Thanks for the honest input guys, I live up in Whitfield Co and the property that we were hunting on up here got leased by a big group and we found out about it the day before bow season opened so we were kind of scrambling for some where to hunt that's how I got to Haralson Co. You would think by Haralson Co. having a lot more doe days than Whitfield Co. their would be a lot more Deer per sq. mile than up here, but that's evidently not the case, because I hardly ever went hunting up here that I didn't see at least one deer its just the deer here are smaller and a 4 year old bucks rack normally would be about 15" to 16" inside, and like some of you I too have been on clubs in Meriweather, Taylor, and Putnum Co's, but it's just so far to go, I was trying to get a little closer to home, if you know what I mean.


----------



## techfire55 (Nov 13, 2013)

Greg,
The land I hunted was a large tract in Haralson that was under QDM and the guy that ran the club was a great guy and worked very hard to help the herd.
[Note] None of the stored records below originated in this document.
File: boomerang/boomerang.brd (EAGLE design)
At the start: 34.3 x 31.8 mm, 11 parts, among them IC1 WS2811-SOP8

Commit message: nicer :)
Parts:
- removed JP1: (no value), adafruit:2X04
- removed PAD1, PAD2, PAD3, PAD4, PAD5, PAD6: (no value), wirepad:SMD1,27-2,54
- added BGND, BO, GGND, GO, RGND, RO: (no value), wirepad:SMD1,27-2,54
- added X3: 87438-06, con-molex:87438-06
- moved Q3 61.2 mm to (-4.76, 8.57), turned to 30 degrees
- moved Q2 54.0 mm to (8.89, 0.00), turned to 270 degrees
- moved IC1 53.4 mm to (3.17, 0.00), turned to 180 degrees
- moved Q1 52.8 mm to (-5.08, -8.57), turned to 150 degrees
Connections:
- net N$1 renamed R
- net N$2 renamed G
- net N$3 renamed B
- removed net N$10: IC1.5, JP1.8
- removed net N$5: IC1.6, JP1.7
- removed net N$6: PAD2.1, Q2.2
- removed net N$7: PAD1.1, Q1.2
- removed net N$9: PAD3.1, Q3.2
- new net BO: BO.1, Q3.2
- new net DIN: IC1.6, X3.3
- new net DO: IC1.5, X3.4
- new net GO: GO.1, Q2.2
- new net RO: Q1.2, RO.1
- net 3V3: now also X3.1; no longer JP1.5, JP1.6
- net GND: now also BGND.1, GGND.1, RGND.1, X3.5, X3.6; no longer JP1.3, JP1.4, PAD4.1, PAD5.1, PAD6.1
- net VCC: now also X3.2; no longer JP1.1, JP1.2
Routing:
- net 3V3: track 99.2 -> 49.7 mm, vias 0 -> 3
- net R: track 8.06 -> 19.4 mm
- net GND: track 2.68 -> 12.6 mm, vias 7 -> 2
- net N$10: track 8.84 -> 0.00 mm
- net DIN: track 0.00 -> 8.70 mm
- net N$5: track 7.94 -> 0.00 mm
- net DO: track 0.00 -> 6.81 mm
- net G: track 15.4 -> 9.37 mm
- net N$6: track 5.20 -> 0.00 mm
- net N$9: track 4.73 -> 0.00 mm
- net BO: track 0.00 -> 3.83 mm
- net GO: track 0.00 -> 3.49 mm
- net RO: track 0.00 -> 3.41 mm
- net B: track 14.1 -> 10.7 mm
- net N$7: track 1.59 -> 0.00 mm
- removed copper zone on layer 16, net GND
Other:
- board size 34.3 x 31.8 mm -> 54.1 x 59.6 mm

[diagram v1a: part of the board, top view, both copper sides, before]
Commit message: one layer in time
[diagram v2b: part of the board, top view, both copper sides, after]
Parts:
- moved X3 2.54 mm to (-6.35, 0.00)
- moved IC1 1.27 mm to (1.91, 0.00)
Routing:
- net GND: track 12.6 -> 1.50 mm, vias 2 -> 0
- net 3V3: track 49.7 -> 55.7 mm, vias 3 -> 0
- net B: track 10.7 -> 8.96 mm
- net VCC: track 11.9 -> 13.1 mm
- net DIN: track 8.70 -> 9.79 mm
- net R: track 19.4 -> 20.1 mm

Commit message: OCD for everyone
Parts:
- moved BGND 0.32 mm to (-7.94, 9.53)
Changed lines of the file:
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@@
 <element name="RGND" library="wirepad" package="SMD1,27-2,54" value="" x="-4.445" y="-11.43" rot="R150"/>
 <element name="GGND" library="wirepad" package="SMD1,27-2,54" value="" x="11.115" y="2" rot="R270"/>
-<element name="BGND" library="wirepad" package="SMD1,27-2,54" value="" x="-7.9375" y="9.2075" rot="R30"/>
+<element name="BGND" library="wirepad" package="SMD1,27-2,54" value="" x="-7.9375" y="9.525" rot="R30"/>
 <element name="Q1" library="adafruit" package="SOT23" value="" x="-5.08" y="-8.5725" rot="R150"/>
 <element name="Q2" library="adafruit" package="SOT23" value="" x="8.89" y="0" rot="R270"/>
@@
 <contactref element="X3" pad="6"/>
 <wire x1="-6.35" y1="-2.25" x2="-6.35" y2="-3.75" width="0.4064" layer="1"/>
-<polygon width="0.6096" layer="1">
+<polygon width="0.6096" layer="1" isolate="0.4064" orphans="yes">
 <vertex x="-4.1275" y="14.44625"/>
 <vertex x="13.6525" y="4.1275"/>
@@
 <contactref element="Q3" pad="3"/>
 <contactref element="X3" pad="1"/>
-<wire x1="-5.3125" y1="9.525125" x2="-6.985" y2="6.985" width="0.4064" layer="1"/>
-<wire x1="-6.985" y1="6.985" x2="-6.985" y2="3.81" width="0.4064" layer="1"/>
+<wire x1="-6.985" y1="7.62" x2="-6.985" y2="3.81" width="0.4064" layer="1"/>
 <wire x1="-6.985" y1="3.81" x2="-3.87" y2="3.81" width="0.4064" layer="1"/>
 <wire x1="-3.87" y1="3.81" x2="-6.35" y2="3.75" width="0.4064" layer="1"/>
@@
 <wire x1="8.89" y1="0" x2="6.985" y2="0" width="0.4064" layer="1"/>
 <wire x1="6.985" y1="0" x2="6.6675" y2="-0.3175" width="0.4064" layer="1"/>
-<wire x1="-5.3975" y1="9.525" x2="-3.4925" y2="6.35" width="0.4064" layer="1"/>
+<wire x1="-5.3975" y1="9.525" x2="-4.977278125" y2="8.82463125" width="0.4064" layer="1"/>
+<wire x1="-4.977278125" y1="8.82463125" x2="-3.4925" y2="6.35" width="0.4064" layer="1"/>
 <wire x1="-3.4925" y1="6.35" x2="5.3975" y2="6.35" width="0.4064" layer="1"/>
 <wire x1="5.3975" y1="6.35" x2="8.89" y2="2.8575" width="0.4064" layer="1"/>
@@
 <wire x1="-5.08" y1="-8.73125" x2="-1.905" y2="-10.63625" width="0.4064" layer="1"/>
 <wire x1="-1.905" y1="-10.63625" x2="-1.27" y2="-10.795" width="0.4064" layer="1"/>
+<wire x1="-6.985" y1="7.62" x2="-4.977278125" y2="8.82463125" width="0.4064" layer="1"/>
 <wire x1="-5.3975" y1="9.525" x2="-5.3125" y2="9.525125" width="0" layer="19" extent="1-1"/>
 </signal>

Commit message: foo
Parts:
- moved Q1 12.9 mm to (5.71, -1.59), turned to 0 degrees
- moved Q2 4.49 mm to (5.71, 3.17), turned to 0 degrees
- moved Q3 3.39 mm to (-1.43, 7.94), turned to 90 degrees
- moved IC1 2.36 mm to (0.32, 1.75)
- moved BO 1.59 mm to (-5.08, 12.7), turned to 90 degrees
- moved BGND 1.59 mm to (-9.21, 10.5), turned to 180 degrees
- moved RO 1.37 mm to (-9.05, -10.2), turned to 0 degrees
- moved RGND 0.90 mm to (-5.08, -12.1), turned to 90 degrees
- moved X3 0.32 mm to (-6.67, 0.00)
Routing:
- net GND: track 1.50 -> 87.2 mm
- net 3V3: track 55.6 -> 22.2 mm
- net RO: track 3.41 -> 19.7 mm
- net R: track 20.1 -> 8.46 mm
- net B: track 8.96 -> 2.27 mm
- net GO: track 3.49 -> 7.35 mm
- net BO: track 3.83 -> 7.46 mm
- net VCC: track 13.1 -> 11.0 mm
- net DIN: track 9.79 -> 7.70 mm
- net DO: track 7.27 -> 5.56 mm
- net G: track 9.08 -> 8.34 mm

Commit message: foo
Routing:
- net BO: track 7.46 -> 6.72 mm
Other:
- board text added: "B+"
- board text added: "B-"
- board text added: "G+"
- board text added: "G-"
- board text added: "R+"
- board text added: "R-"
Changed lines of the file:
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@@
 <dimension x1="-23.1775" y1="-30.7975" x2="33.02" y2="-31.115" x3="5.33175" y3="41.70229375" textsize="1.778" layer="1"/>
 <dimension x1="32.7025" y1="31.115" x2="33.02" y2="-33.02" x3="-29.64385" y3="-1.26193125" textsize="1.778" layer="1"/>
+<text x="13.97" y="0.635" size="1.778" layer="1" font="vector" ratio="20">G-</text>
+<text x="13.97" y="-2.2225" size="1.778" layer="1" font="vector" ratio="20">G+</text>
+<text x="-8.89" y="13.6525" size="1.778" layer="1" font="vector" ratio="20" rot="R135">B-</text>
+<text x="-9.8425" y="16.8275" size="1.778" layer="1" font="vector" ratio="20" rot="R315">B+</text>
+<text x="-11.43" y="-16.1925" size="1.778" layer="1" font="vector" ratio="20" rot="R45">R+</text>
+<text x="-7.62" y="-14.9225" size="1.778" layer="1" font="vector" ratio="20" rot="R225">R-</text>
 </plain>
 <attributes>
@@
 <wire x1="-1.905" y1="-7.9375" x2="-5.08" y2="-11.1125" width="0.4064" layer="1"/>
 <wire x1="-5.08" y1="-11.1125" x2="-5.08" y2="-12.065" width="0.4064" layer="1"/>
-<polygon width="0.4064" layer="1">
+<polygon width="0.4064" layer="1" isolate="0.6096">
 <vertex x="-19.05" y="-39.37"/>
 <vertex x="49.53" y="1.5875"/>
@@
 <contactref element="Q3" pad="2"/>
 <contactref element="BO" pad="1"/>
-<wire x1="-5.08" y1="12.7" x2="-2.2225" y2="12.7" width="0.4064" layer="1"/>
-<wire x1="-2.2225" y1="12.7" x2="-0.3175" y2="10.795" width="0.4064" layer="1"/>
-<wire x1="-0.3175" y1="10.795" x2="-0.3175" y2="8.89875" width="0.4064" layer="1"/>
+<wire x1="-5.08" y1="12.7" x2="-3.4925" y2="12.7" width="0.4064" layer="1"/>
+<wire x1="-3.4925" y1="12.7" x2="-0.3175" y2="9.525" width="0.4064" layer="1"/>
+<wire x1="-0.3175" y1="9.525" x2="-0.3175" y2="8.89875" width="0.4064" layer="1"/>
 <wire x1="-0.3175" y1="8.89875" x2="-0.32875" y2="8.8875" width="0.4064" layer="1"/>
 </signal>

Contact Mac via PM. He has a pretty good handle on what is going on in that county. He runs a great club (Have no idea if he is looking for members) the main trouble we had is all the deer on camera that were growing nicely seemed to get killed by the neighbors a year before we would have shot them. Not bashing the neighbors because that was the way they hunted and to each his own. Just hard sometimes to see a nice young year on trail camera and then 2 weeks later see it posted dead on this site.


----------



## Greg Silvers (Nov 19, 2013)

Mac thanks for the pm, I really appreciate it, and you may very well be right. I didn't go this past weekend, probably want make it back till after Thanksgiving how was everybody else's hunt this past weekend?


----------